* **Problem**: Transcribe exactly the line containing "msp.add_circle(centre, radius, dxfattribs=at)" and each line after it, through the end of the entries, with nothing before or after.

****************

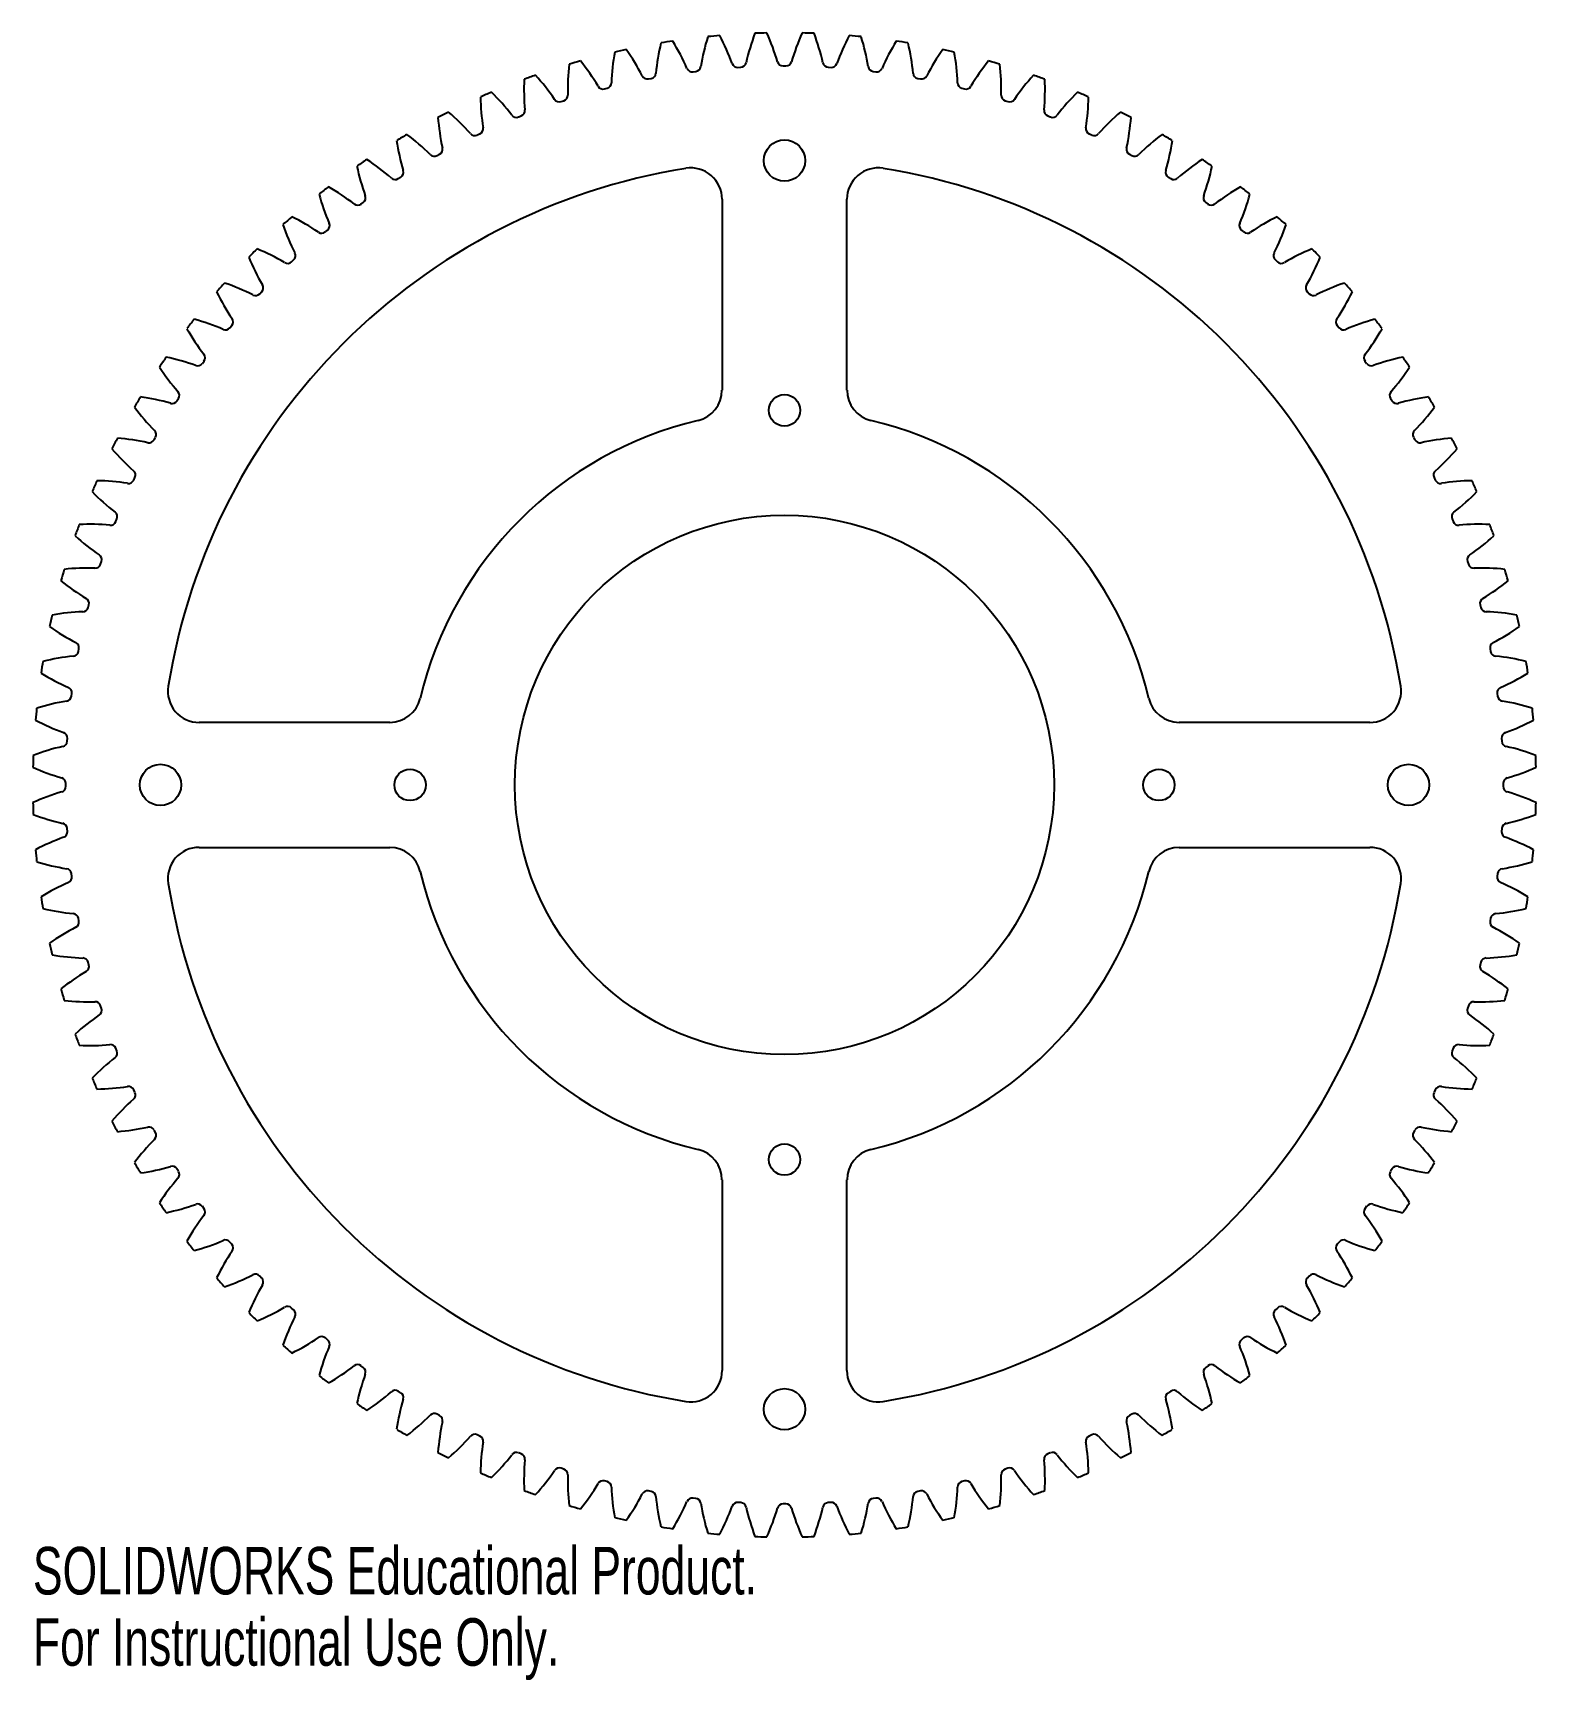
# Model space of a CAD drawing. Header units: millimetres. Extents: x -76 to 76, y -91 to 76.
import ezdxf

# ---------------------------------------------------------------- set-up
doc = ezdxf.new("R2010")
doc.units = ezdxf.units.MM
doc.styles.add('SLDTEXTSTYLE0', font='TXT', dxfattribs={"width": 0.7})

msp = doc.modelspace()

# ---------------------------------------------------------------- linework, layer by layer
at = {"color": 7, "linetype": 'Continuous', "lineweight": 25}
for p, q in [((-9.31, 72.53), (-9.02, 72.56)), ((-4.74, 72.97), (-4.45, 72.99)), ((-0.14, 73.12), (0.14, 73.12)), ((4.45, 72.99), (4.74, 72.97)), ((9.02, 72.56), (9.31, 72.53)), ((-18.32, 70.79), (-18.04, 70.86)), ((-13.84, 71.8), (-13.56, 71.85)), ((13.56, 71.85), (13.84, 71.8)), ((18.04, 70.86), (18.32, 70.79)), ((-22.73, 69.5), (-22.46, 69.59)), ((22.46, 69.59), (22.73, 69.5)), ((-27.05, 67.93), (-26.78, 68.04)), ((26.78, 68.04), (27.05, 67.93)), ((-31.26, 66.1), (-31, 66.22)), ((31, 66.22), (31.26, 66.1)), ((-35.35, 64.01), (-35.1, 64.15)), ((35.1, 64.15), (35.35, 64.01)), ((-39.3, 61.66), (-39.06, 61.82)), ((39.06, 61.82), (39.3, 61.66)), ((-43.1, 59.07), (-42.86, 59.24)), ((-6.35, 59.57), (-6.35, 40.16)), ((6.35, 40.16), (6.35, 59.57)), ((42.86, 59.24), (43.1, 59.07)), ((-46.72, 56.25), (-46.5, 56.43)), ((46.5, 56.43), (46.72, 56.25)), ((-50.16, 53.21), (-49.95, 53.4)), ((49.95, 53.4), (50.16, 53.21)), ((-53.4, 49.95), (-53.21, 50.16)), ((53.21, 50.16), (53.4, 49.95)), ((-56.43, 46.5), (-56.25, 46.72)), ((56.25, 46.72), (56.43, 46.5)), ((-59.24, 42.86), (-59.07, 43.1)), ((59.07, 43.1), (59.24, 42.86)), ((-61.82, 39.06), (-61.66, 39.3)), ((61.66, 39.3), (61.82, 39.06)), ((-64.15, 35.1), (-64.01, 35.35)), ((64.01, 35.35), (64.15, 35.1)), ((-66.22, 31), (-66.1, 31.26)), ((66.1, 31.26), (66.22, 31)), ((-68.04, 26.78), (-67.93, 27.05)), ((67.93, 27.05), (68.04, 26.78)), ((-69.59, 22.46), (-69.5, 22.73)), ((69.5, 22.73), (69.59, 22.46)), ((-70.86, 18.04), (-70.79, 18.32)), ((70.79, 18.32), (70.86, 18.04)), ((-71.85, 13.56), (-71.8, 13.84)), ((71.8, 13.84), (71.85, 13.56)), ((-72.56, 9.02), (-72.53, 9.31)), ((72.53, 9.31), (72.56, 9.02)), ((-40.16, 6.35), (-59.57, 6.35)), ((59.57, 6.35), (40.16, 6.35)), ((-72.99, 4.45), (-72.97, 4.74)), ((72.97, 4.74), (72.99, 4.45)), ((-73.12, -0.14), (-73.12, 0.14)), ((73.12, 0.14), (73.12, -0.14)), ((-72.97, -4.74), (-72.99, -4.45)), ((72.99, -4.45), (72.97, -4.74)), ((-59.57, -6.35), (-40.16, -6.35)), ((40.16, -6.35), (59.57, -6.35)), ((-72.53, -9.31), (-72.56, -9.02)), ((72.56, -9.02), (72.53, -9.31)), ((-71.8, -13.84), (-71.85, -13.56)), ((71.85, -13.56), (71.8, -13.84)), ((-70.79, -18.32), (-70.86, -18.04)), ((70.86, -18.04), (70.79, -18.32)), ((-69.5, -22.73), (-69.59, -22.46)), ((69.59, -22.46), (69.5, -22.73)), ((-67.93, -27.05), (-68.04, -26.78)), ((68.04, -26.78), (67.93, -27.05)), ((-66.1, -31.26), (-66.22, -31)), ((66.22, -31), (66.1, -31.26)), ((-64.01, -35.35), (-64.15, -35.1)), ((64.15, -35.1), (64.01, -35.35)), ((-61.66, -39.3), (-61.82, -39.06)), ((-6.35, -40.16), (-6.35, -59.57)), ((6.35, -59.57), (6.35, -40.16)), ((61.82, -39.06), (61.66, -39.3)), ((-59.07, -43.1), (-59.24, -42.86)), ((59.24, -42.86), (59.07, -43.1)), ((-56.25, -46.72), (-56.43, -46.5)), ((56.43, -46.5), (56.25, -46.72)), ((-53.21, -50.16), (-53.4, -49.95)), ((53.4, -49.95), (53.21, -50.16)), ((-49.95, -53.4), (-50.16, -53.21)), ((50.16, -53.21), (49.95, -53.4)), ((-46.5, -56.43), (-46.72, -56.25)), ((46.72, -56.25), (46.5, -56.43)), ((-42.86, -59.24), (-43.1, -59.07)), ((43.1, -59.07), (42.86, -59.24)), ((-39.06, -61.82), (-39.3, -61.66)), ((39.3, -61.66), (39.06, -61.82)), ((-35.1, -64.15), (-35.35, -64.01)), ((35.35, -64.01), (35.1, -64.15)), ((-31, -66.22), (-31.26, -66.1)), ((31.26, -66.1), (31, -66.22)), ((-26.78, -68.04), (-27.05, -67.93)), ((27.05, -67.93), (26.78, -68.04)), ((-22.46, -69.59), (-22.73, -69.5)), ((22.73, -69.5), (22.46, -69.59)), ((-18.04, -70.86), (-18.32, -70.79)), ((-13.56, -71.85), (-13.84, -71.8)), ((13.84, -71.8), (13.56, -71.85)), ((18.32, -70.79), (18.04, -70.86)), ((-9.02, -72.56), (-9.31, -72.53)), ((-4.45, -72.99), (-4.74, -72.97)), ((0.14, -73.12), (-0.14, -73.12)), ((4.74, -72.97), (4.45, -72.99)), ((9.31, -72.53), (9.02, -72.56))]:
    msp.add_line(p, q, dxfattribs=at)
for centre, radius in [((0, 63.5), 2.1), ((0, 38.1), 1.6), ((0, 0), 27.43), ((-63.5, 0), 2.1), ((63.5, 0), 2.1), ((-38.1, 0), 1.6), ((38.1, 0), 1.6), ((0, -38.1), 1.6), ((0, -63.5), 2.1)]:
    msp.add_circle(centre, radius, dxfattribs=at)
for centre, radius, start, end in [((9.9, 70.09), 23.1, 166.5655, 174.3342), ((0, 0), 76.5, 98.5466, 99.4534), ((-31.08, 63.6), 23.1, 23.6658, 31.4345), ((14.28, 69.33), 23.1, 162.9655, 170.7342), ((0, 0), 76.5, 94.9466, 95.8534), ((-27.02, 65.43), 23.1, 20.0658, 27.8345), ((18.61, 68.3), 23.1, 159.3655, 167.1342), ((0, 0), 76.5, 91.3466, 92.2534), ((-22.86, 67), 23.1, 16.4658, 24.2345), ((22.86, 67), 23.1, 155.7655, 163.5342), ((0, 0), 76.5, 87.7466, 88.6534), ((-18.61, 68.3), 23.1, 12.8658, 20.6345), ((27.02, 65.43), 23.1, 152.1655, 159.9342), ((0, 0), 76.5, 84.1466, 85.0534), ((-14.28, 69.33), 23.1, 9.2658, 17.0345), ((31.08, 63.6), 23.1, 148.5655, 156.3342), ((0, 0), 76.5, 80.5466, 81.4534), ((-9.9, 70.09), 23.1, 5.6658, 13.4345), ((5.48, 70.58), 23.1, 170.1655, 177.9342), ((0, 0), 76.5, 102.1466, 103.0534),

****************

* **Written answer**:
    msp.add_circle(centre, radius, dxfattribs=at)
for centre, radius, start, end in [((9.9, 70.09), 23.1, 166.5655, 174.3342), ((0, 0), 76.5, 98.5466, 99.4534), ((-31.08, 63.6), 23.1, 23.6658, 31.4345), ((14.28, 69.33), 23.1, 162.9655, 170.7342), ((0, 0), 76.5, 94.9466, 95.8534), ((-27.02, 65.43), 23.1, 20.0658, 27.8345), ((18.61, 68.3), 23.1, 159.3655, 167.1342), ((0, 0), 76.5, 91.3466, 92.2534), ((-22.86, 67), 23.1, 16.4658, 24.2345), ((22.86, 67), 23.1, 155.7655, 163.5342), ((0, 0), 76.5, 87.7466, 88.6534), ((-18.61, 68.3), 23.1, 12.8658, 20.6345), ((27.02, 65.43), 23.1, 152.1655, 159.9342), ((0, 0), 76.5, 84.1466, 85.0534), ((-14.28, 69.33), 23.1, 9.2658, 17.0345), ((31.08, 63.6), 23.1, 148.5655, 156.3342), ((0, 0), 76.5, 80.5466, 81.4534), ((-9.9, 70.09), 23.1, 5.6658, 13.4345), ((5.48, 70.58), 23.1, 170.1655, 177.9342), ((0, 0), 76.5, 102.1466, 103.0534),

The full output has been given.